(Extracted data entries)
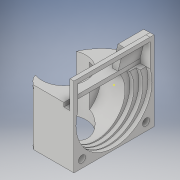
# Autodesk Inventor part: ExtruderCooler
Saved by Autodesk Inventor 2019 (Build 230136000, 136)
## iProperties
Created: 2018-06-27
Part Number: ExtruderCooler
Material: Ogólny
Document SubType Name: Modeling
Designer: Kamil
Density: 1 g/cm^3
Appearance: Domyślna
Author: Kamil
Autodesk Inventor part; units mm, degrees
ref_plane "YZ Plane" through (0, 0, 0) normal (1, 0, 0) x (0, 1, 0)
ref_plane "XZ Plane" through (0, 0, 0) normal (0, 1, 0) x (-1, 0, 0)
ref_plane "XY Plane" through (0, 0, 0) normal (0, 0, 1) x (1, 0, 0)
sketch "Szkic6" plane through (0, 0, 0) normal (0, 1, 0) x (-1, 0, 0)
  line L0 (0, 20) -> (0, -20)
  line L1 (0, 20) -> (40, 20) construction
  arc A0 (24.0003, 15.2468) -> (24.0003, -5.2468) centre (20, 5) ccw
  arc A1 (24.0003, 15.2468) -> (20, 20) centre (15.911, 12.4987) ccw
  line L2 (20, 20) -> (0, 20)
  arc A2 (0, -20) -> (24.0003, -5.2468) centre (1.1842, 4.9719) ccw
  point P0 (0, 0)
  dimension "d22" = 40
  constraints: 6 end point, 6 point on circle, 3 centre point, 2 horizontal, 1 midpoint, 1 perpendicular, 1 vertical
  measures "d22" distance of L0.start L0.end
extrude "Wyciągnięcie proste4" add sketch "Szkic6" along normal blind 26
sketch "Szkic13" plane through (0, 0, 20) normal (1, 0, 0) x (0, 0, -1)
  circle A0 centre (20, 20) radius 19
  point P0 (20, 0)
  dimension "d46" = 38
  constraints: 1 centre point
  measures "d46" diameter of A0
extrude "Wyciągnięcie proste9" cut sketch "Szkic13" against normal blind 2
sketch "Szkic18" plane through (-2, 20, 0) normal (1, 0, 0) x (0, 0, -1)
  circle A0 centre (-1, -1) radius 17.5
  point P0 (0, -20)
  dimension "d52" = 35
  constraints: 1 centre point
  measures "d52" diameter of A0
extrude "Wyciągnięcie proste10" cut sketch "Szkic18" against normal blind 2
sketch "Szkic19" plane through (-4, 19, 1) normal (1, 0, 0) x (0, 0, -1)
  circle A0 centre (-1, -1) radius 16
  point P0 (1, -19)
  dimension "d55" = 32
  constraints: 1 centre point
  measures "d55" diameter of A0
extrude "Wyciągnięcie proste11" cut sketch "Szkic19" against normal blind 2
sketch "Szkic20" plane through (-6, 18, 2) normal (1, 0, 0) x (0, 0, -1)
  circle A0 centre (-1, -1) radius 14.5
  point P0 (2, -18)
  dimension "d58" = 29
  constraints: 1 centre point
  measures "d58" diameter of A0
extrude "Wyciągnięcie proste12" cut sketch "Szkic20" against normal blind 12
sketch "Szkic21" plane through (0, 0, 20) normal (1, 0, 0) x (0, 0, -1)
  circle A0 centre (36, 4) radius 1.75
  circle A1 centre (4, 4) radius 1.75
  point P0 (20, 0)
  dimension "d61" = 3.5
  dimension "d64" = 3.5
  constraints: 2 centre point
  measures "d61" diameter of A0
  measures "d64" diameter of A1
extrude "Wyciągnięcie proste13" cut sketch "Szkic21" against normal blind 10
sketch "Szkic22" plane through (0, 0, 0) normal (0, -1, 0) x (1, 0, 0)
  line L0 (-2.5, -19) -> (-5.5, -19)
  line L1 (-5.5, -19) -> (-5.5, -13)
  line L2 (-5.5, -13) -> (-2.5, -13)
  line L3 (-2.5, -13) -> (-2.5, -19)
  line L4 (-2.5, -19) -> (-5.5, -13) construction
  line L5 (-5.5, -19) -> (-2.5, -13) construction
  line L6 (-2.5, 13) -> (-5.5, 13)
  line L7 (-5.5, 13) -> (-5.5, 19)
  line L8 (-5.5, 19) -> (-2.5, 19)
  line L9 (-2.5, 19) -> (-2.5, 13)
  line L10 (-2.5, 13) -> (-5.5, 19) construction
  line L11 (-5.5, 13) -> (-2.5, 19) construction
  point P0 (0, 0)
  point P1 (-4, -16)
  point P2 (-4, 16)
  dimension "d67" = 3
  dimension "d68" = 6
  dimension "d69" = 3
  dimension "d70" = 6
  constraints: 24 end point, 4 midpoint, 4 parallel, 2 horizontal, 2 perpendicular
  measures "d67" distance of L1.end L2.end
  measures "d68" distance of L0.end L1.end
  measures "d69" distance of L7.end L8.end
  measures "d70" distance of L6.end L7.end
extrude "Wyciągnięcie proste14" cut sketch "Szkic22" against normal blind 7
sketch "Szkic23" plane through (0, 26, 0) normal (0, 1, 0) x (1, 0, 0)
  arc A0 (-24, -15.2639) -> (-21.6936, -18.818) centre (-16.0379, -12.6225) ccw
  arc A1 (-24, -15.247) -> (-23.9955, 5.2487) centre (-20, -5) ccw
  arc A2 (-21.6936, -18.818) -> (-20.0309, -20) centre (-16.0379, -12.6225) ccw
  line L0 (-24, -15.2639) -> (-24, -15.247)
  line L1 (-5, -20) -> (-5, 19.7389)
  line L2 (-5, -20) -> (-20.0309, -20)
  arc A3 (-5, 19.7389) -> (-23.9955, 5.2487) centre (-1.3592, -4.7297) ccw
  point P0 (0, 0)
  point P1 (-24, 5.2384)
  constraints: 10 point on circle, 6 end point, 4 centre point, 1 coincident, 1 horizontal, 1 perpendicular
extrude "Wyciągnięcie proste15" add sketch "Szkic23" along normal blind 2
sketch "Szkic24" plane through (0, 28, 0) normal (0, 1, 0) x (1, 0, 0)
  point P0 (0, 0)
ref_plane "Płaszczyzna konstrukcyjna1" through (-20, 0, -8) normal (0, 0, 1) x (1, 0, 0)
ref_plane "Płaszczyzna konstrukcyjna2" through (-20, 0, -7) normal (0, 0, 1) x (1, 0, 0)
sketch "Szkic25" plane through (-20, 0, -7) normal (0, 0, 1) x (1, 0, 0)
  line L0 (15, 28) -> (12, 28)
  line L1 (12, 28) -> (15, 39.7428)
  line L2 (15, 39.7428) -> (18, 39.7428)
  line L3 (18, 39.7428) -> (15, 28)
  point P0 (20, 0)
  dimension "d78" = 3
  dimension "d79" = 12.12
  dimension "d80" = 3
  constraints: 8 end point, 1 horizontal, 1 parallel
  measures "d78" distance of L0.start L0.end
  measures "d79" distance of L0.end L1.end
  measures "d80" distance of L1.end L2.end
extrude "Wyciągnięcie proste16" add sketch "Szkic25" against normal blind 13
sketch "Szkic26" plane through (-8, 28, -20) normal (0, -1, 0) x (1, 0, 0)
  arc A0 (0, 0.8983) -> (5.5, 0) centre (7.0321, 26.666) ccw
  line L0 (0, 0.8983) -> (0, 0)
  line L1 (0, 0) -> (5.5, 0)
  point P0 (8, 20)
  constraints: 4 end point, 2 point on circle, 1 centre point, 1 perpendicular, 1 vertical
extrude "Wyciągnięcie proste17" cut sketch "Szkic26" against normal blind 12
ref_plane "Płaszczyzna konstrukcyjna3" through (-20, 0, -20) normal (0, 0, 1) x (1, 0, 0)
sketch "Szkic27" plane through (-20, 0, -20) normal (0, 0, 1) x (1, 0, 0)
  line L0 (20, 26) -> (14.9984, 26)
  line L1 (14.9984, 26) -> (14.9984, 28)
  line L2 (14.9984, 28) -> (17.9966, 39.7433)
  line L3 (17.9966, 39.7433) -> (20, 39.7433)
  line L4 (20, 39.7433) -> (20, 26)
  point P0 (20, 0)
  dimension "d85" = 2
  dimension "d86" = 12.12
  constraints: 10 end point, 2 horizontal, 2 perpendicular
  measures "d85" distance of L0.end L1.end
  measures "d86" distance of L1.end L2.end
extrude "Wyciągnięcie proste18" add sketch "Szkic27" along normal blind 2
sketch "Szkic28" plane through (-5, 39.7428, -7) normal (0, 1, 0) x (1, 0, 0)
  line L0 (3, 11) -> (5, 11)
  line L1 (5, 11) -> (5, -27)
  line L2 (5, -27) -> (3, -27)
  line L3 (3, -27) -> (3, 11)
  point P0 (5, -7)
  dimension "d89" = 38
  constraints: 8 end point, 3 perpendicular, 1 horizontal
  measures "d89" distance of L0.end L1.end
extrude "Wyciągnięcie proste19" add sketch "Szkic28" against normal blind 2
sketch "Szkic29" plane through (0, 26, 0) normal (0, 1, 0) x (1, 0, 0)
  line L0 (-2, -20) -> (-2, -18)
  line L1 (-2, -18) -> (0, -18)
  line L2 (0, -18) -> (0, -20)
  line L3 (0, -20) -> (-2, -20)
  point P0 (0, 0)
  dimension "d92" = 2
  dimension "d93" = 2
  dimension "d94" = 2
  constraints: 8 end point, 2 perpendicular, 1 vertical
  measures "d92" distance of L0.start L0.end
  measures "d93" distance of L0.end L1.end
  measures "d94" distance of L1.end L2.end
extrude "Wyciągnięcie proste20" add sketch "Szkic29" along normal blind 12

--- Work instruction ---
Wherever the word "construction" turns up in the records, copy out the line it is on.

--- Answer below ---
  line L1 (0, 20) -> (40, 20) construction
  line L4 (-2.5, -19) -> (-5.5, -13) construction
  line L5 (-5.5, -19) -> (-2.5, -13) construction
  line L10 (-2.5, 13) -> (-5.5, 19) construction
  line L11 (-5.5, 13) -> (-2.5, 19) construction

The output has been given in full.